The equation provided is:

$t^2 y'' - t y' + y = 0$

We are informed that a solution exists in the form $y = t^m$, where $m \in \mathbb{N}$, and the task is to determine the general solution.

Steps to Solve:

1. Assume $y = t^m$, and calculate the derivatives: $y' = m t^{m-1}, \quad y'' = m(m-1)t^{m-2}.$

2. Substitute $y$, $y'$, and $y''$ into the differential equation: $t^2 \cdot m(m-1)t^{m-2} - t \cdot m t^{m-1} + t^m = 0.$

3. Simplify each term:

   • $t^2 \cdot m(m-1)t^{m-2} = m(m-1)t^m$,
   • $-t \cdot m t^{m-1} = -m t^m$,
   • $t^m = t^m$.

   Substituting these gives: $m(m-1)t^m - m t^m + t^m = 0.$

4. Factor out $t^m$ (since $t^m \neq 0$): $t^m \left[m(m-1) - m + 1\right] = 0.$

5. Simplify the expression inside the brackets: $m(m-1) - m + 1 = m^2 - m - m + 1 = m^2 - 2m + 1.$

6. Factorize: $m^2 - 2m + 1 = (m-1)^2.$

Thus: $t^m \cdot (m-1)^2 = 0.$

7. For the equation to hold, $(m-1)^2 = 0$, which implies: $m = 1.$

Particular Solution:

The particular solution is: $y = t^1 = t.$

General Solution:

Since the differential equation is linear and of second order, the general solution is a linear combination of independent solutions. The second independent solution is typically obtained by solving using methods like reduction of order. Here, the general solution is: $y(t) = C_1 t + C_2 t \ln(t),$ where $C_1$ and $C_2$ are arbitrary constants.

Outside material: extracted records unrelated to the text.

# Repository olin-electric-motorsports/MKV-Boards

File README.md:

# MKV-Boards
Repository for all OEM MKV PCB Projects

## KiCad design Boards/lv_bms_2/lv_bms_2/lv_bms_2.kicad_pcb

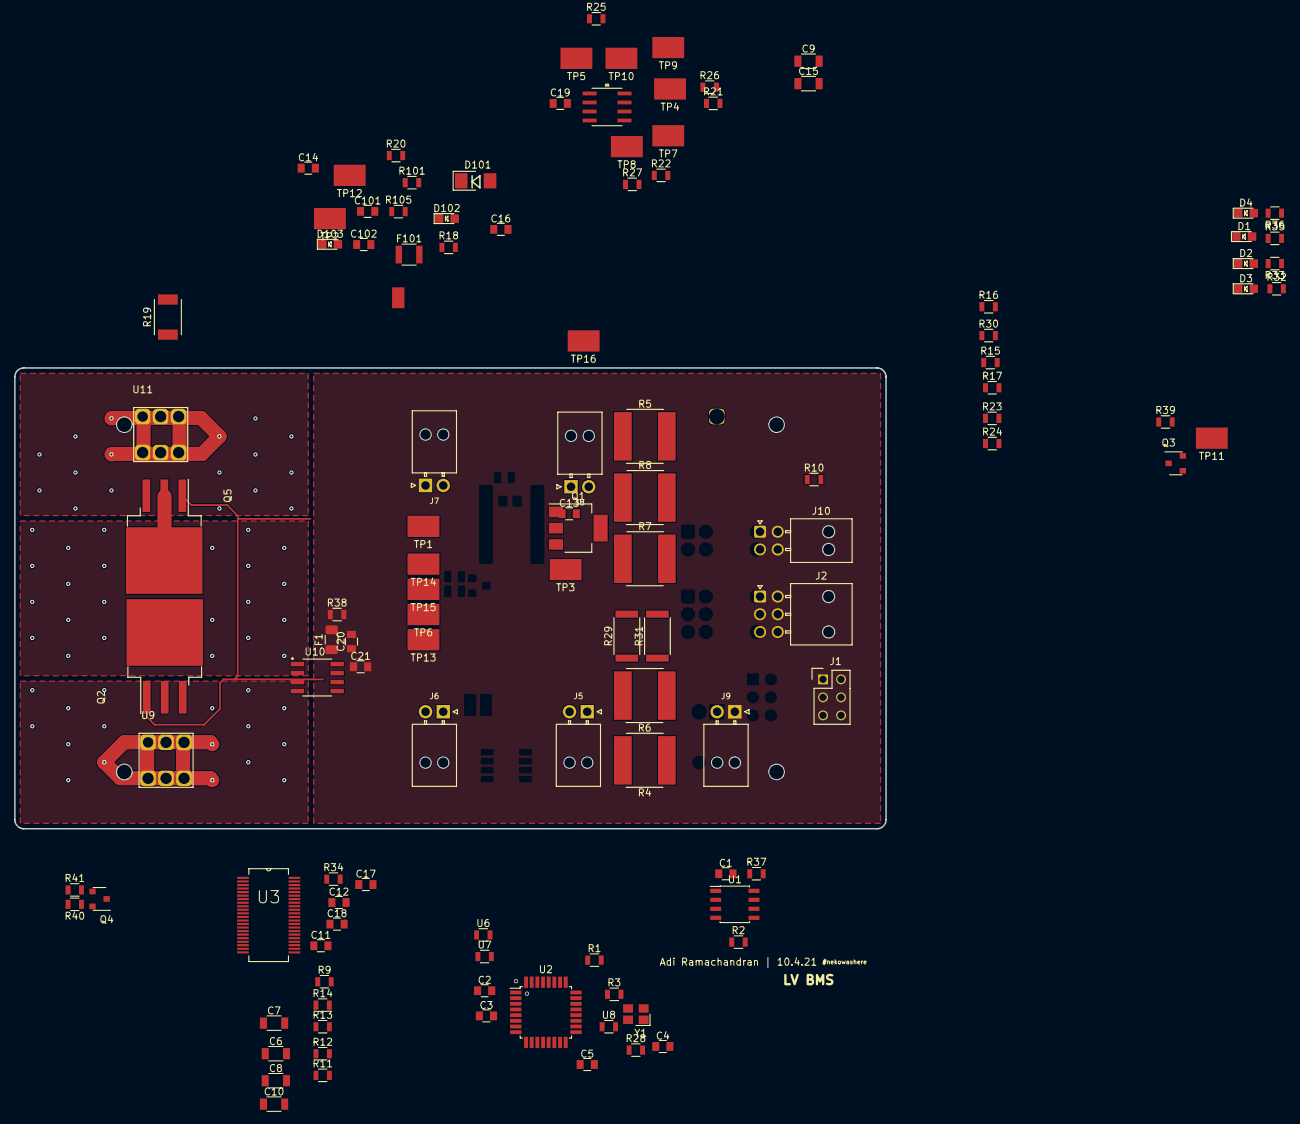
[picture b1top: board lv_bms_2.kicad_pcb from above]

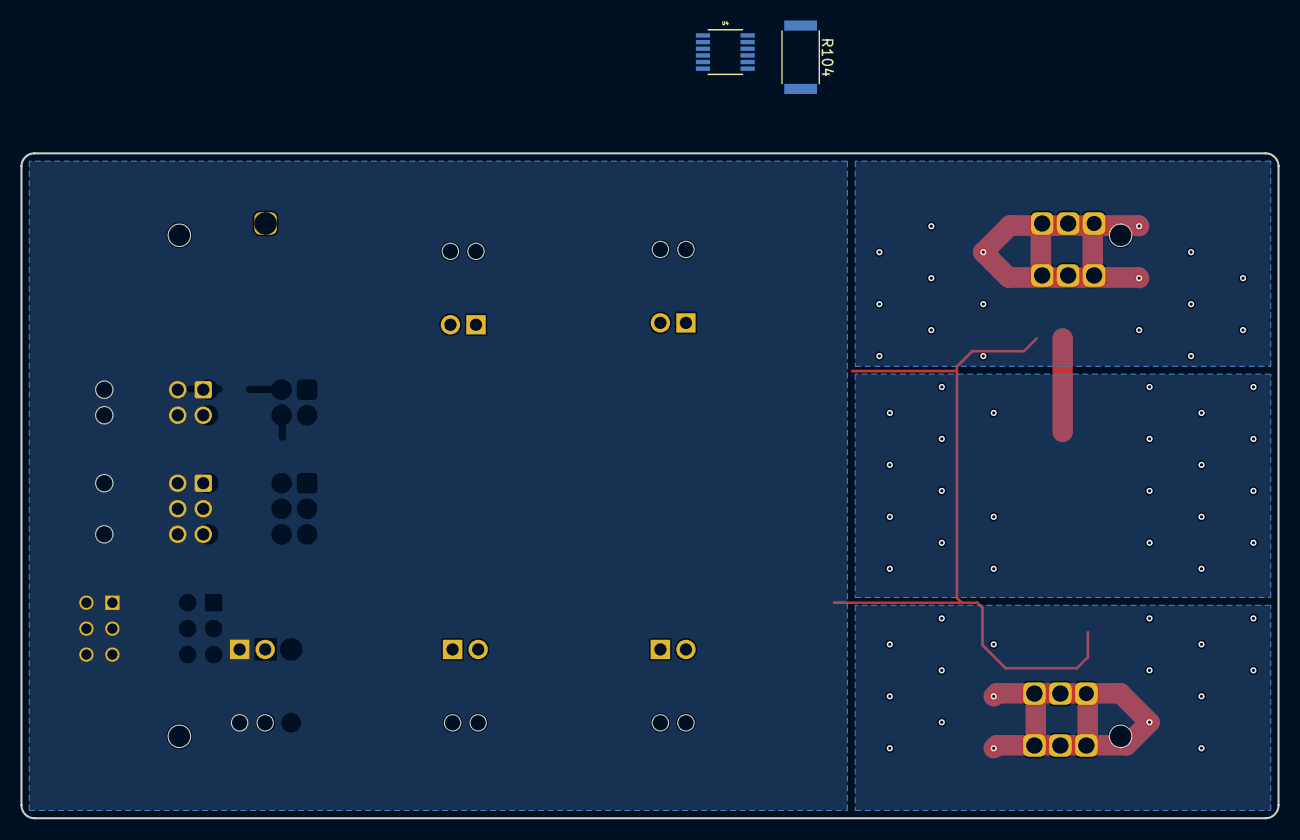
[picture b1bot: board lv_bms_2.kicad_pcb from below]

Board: 4 copper layers, 122.9 x 65.0 mm, 117 parts (2 on the bottom side), 76 nets.

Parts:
C1, C2, C13, C18, C19, C101: C_0.1uF; C_0805_OEM
C3: C_100pF; C_0805_OEM
C4, C5: C_30pF; C_0805_OEM
C6, C7, C8, C9, C10, C15: C_10nF; C_1206_OEM
C11, C12, C17, C21: C_1uF; C_0805_OEM
C14: C_470pF; C_0805_OEM
C16: C_10uF; C_0805_OEM
C20: C_1nf; C_0805_OEM
C102: C_2.2uF; C_0805_OEM
D1, D2: LED_0805_Red; LED_0805_OEM
D3, D4, D102, D103: LED_0805; LED_0805_OEM
D101: D_Zener_18V; DO-214AA
F1: 0685P9500-01; Fuse_1206
F101: F_500mA_16V; Fuse_1210
J1: CONN_02X03; Pin_Header_Straight_2x03
J2: NanoFit_RA_TH_06; NanoFit_RA_6
J5, J6, J7, J8, J9: NanoFit_RA_TH_02; NanoFit_Molex_1x02x2.50mm_Angled_OEM
J10: NanoFit_RA_TH_04; NanoFit_RA_4
Q1: NSS1C201MZ4; SOT-223
Q2, Q5: SQM110P06; TO-263-3-TabPin2
Q3, Q4: MMBF170; SOT-23-3_OEM
R1, R9, R10, R11, R12, R13, R14: R_100; R_0805_OEM
R2: R_120_DNP; R_0805_OEM
R3, R15, R16, R17, R20, R23, R24, R28, R30, R34, R40: R_10K; R_0805_OEM
R4, R5, R6, R7, R8: R_30_6W_1%; 356030RFT
R18, R21, R26, R37, R38, R39: R_100K; R_0805_OEM
R19: R_1.5k; R_2010_Vishay
R22, R27: R_1M; R_0805_OEM
R25: R_402K; R_0805_OEM
R29, R31, R104: R_0_2512; R_2512_OEM
R32, R33, R35, R36, R105: R_200; R_0805_OEM
R41: R_10; R_0805_OEM
R101: R_1K; R_0805_OEM
TP1, TP2, TP3, TP4, TP5, TP6, TP7, TP8, TP9, TP10, TP11, TP12, TP13, TP14, TP15, TP16: Test_Point_SMD
U1: MCP2561-E_SN; SOIC-8_3.9x4.9mm_Pitch1.27mm_OEM
U2: ATMEGA16M1; TQFP-32_7x7mm_Pitch0.8mm
U3: LTC6810HG-2; SOP50P780X200-44N
U4: LT3066IMSE-5; MSOP-12_MSE
U5: LT1017IS8; SO-8_S
U6, U7, U8: R_500; R_0805_OEM
U9, U11: redcube-7461057; redcube_pressfit_6pin
U10: ACHS-7124; OPTO_HCPL-070A-000E
Y1: Crystal_SMD; Crystal_SMD_FA238

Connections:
+5V: C1.1, C2.1, C19.1, C21.1, J1.2, R1.1, R3.1, R15.1, R16.1, R17.1, R23.1, R24.1, R28.1, R30.1, R34.1, R37.1, R104.2, U1.3, U2.4, U5.6, U10.8
/BATTERY_SIDE_DIV_SIG: R21.2, R22.1, TP7.1
/BATT_1: J2.2, R7.2, R12.2
/BATT_2: J2.3, R6.2, R11.2
/BATT_3: J2.4, R5.2, R10.2
/BATT_4: F101.2, J2.5, R4.2, R9.2, R29.2, R31.2, TP12.1, U5.3
/CAN+: J10.4, R2.1, U1.7
/CAN-: J10.3, R2.2, U1.6
/CAN_RX: U1.4, U2.7
/CAN_STBY: R37.2, U1.8, U2.23
/CAN_TX: U1.1, U2.6
/COMP_1_OUT: TP4.1, U2.16, U5.7
/COMP_2_OUT: TP10.1, U2.26, U5.5
/CSB: R28.2, U2.15, U3.36
/CURRENT_SENSE_SIGNAL: U2.28, U10.7
/LED_0_+: R32.1, U2.8
/LED_1_+: R33.1, U2.9
/LED_2_+: R35.1, U2.24
/LOAD_SIDE_CURRENT_PATH: Q5.3, R25.1, R26.1, TP9.1, U11.1
/LOAD_SIDE_DIV_SIG: R26.2, R27.1, TP8.1, U5.4
/LOAD_SWITCH_FET_DRIVE: Q4.1, R38.1, U2.25
/MISO: J1.1, U2.1, U6.1
/MISO_LIM: R34.2, U3.40, U6.2
/MOSI: J1.4, U2.2, U7.1
/MOSI_LIM: U3.41, U7.2
/ON_STATE_CMPNTS_-: C20.2, C21.2, J5.2, J6.2, J7.1, J8.1, J9.1, Q3.3, TP11.1, TP15.1, U10.5
/ON_STATE_CMPNTS_FET_DRIVE: Q3.1, R36.1, R39.1, U2.30
/PACK_SIDE_CURRENT_PATH: F1.2, R21.1, R25.2, TP5.1, U10.1, U10.2
/RESET: J1.5, R3.2, U2.31
/SCK: J1.3, U2.12, U8.1
/SCK_LIM: U3.37, U8.2
/THERM_0_+: J7.2, R30.2, U2.27
/THERM_1_+: J8.2, R24.2, U2.17
/THERM_2_+: J9.2, R23.2, U2.18
/THERM_3_+: J6.1, R17.2, U2.22
/THERM_4_+: J5.1, R16.2, U2.13
/THERM_5_+: R15.2, TP14.1, U2.14
/VREG: C17.1, Q1.3, TP3.1, U3.32
GND: C1.2, C2.2, C3.2, C4.2, C5.2, C11.2, C12.2, C13.2, C14.2, C15.2, C16.2, C17.2, C18.1, C19.2, C101.2, C102.2, D1.1, D2.1, D3.1, D4.1, D101.2, D102.1, D103.1, J1.6, J2.1, J10.1, J10.2, Q3.2, Q4.2, R8.2, R13.2, R20.2, R22.2, R27.2, R38.2, R39.2, TP16.1, U1.2, U2.5, U2.20, U3.1, U3.21, U3.22, U3.23, U3.24, U3.26, U3.27, U3.28, U3.29, U3.34, U3.35, U3.38, U3.39, U3.43, U3.44, U4.6, U4.8, U5.2, Y1.2, Y1.4
unnamed: C3.1, R1.2, U2.19
unnamed: C4.1, U2.11, Y1.1
unnamed: C5.1, U2.10, Y1.3
unnamed: C6.1, R9.1, TP1.1, U3.6, U3.8
unnamed: C6.2, C7.1, R10.1, U3.10
unnamed: C7.2, C8.1, R11.1, U3.12
unnamed: C8.2, C9.1, R12.1, U3.14
unnamed: C9.2, C10.1, R13.1, U3.16
unnamed: C10.2, R8.1, U3.17
unnamed: C11.1, U3.30
unnamed: C12.1, U3.31
unnamed: C13.1, Q1.2, Q1.4, R14.2
unnamed: C14.1, U4.1
unnamed: C15.1, U4.7
unnamed: C16.1, R104.1, R105.1, TP2.1, U4.10, U4.11, U4.12
unnamed: C18.2, R29.1, U3.3
unnamed: C20.1, U10.6
unnamed: C101.1, C102.1, D101.1, F101.1, R18.1, R101.1, U4.2, U4.3
unnamed: D1.2, R32.2
unnamed: D2.2, R33.2
unnamed: D3.2, R35.2
unnamed: D4.2, R36.2
unnamed: D102.2, R101.2
unnamed: D103.2, R105.2
unnamed: F1.1, U9.1
unnamed: Q1.1, U3.33
unnamed: Q2.1, Q5.1, R40.2, R41.1, TP13.1
unnamed: Q2.2, Q5.2, R40.1, TP6.1
unnamed: Q2.3, U10.3, U10.4
unnamed: Q4.3, R41.2
unnamed: R4.1, U3.9
unnamed: R5.1, U3.11
unnamed: R6.1, U3.13
unnamed: R7.1, U3.15
unnamed: R14.1, R31.1
unnamed: R18.2, R19.1, U4.4
unnamed: R19.2, R20.1

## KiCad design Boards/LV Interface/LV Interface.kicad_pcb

Let me know if you'd like a deeper explanation of any step! 😊

Related Questions:

1. What are the conditions for a differential equation to admit solutions of the form $y = t^m$?
2. How is the method of reduction of order applied to second-order differential equations?
3. What role do initial conditions play in determining the constants $C_1$ and $C_2$?
4. Can this method be extended to find solutions for equations of higher order?
5. How does the natural logarithmic term arise in the solution of linear differential equations?

Tip:

When testing solutions of the form $y = t^m$, always ensure that the parameter $m$ satisfies the resulting characteristic equation.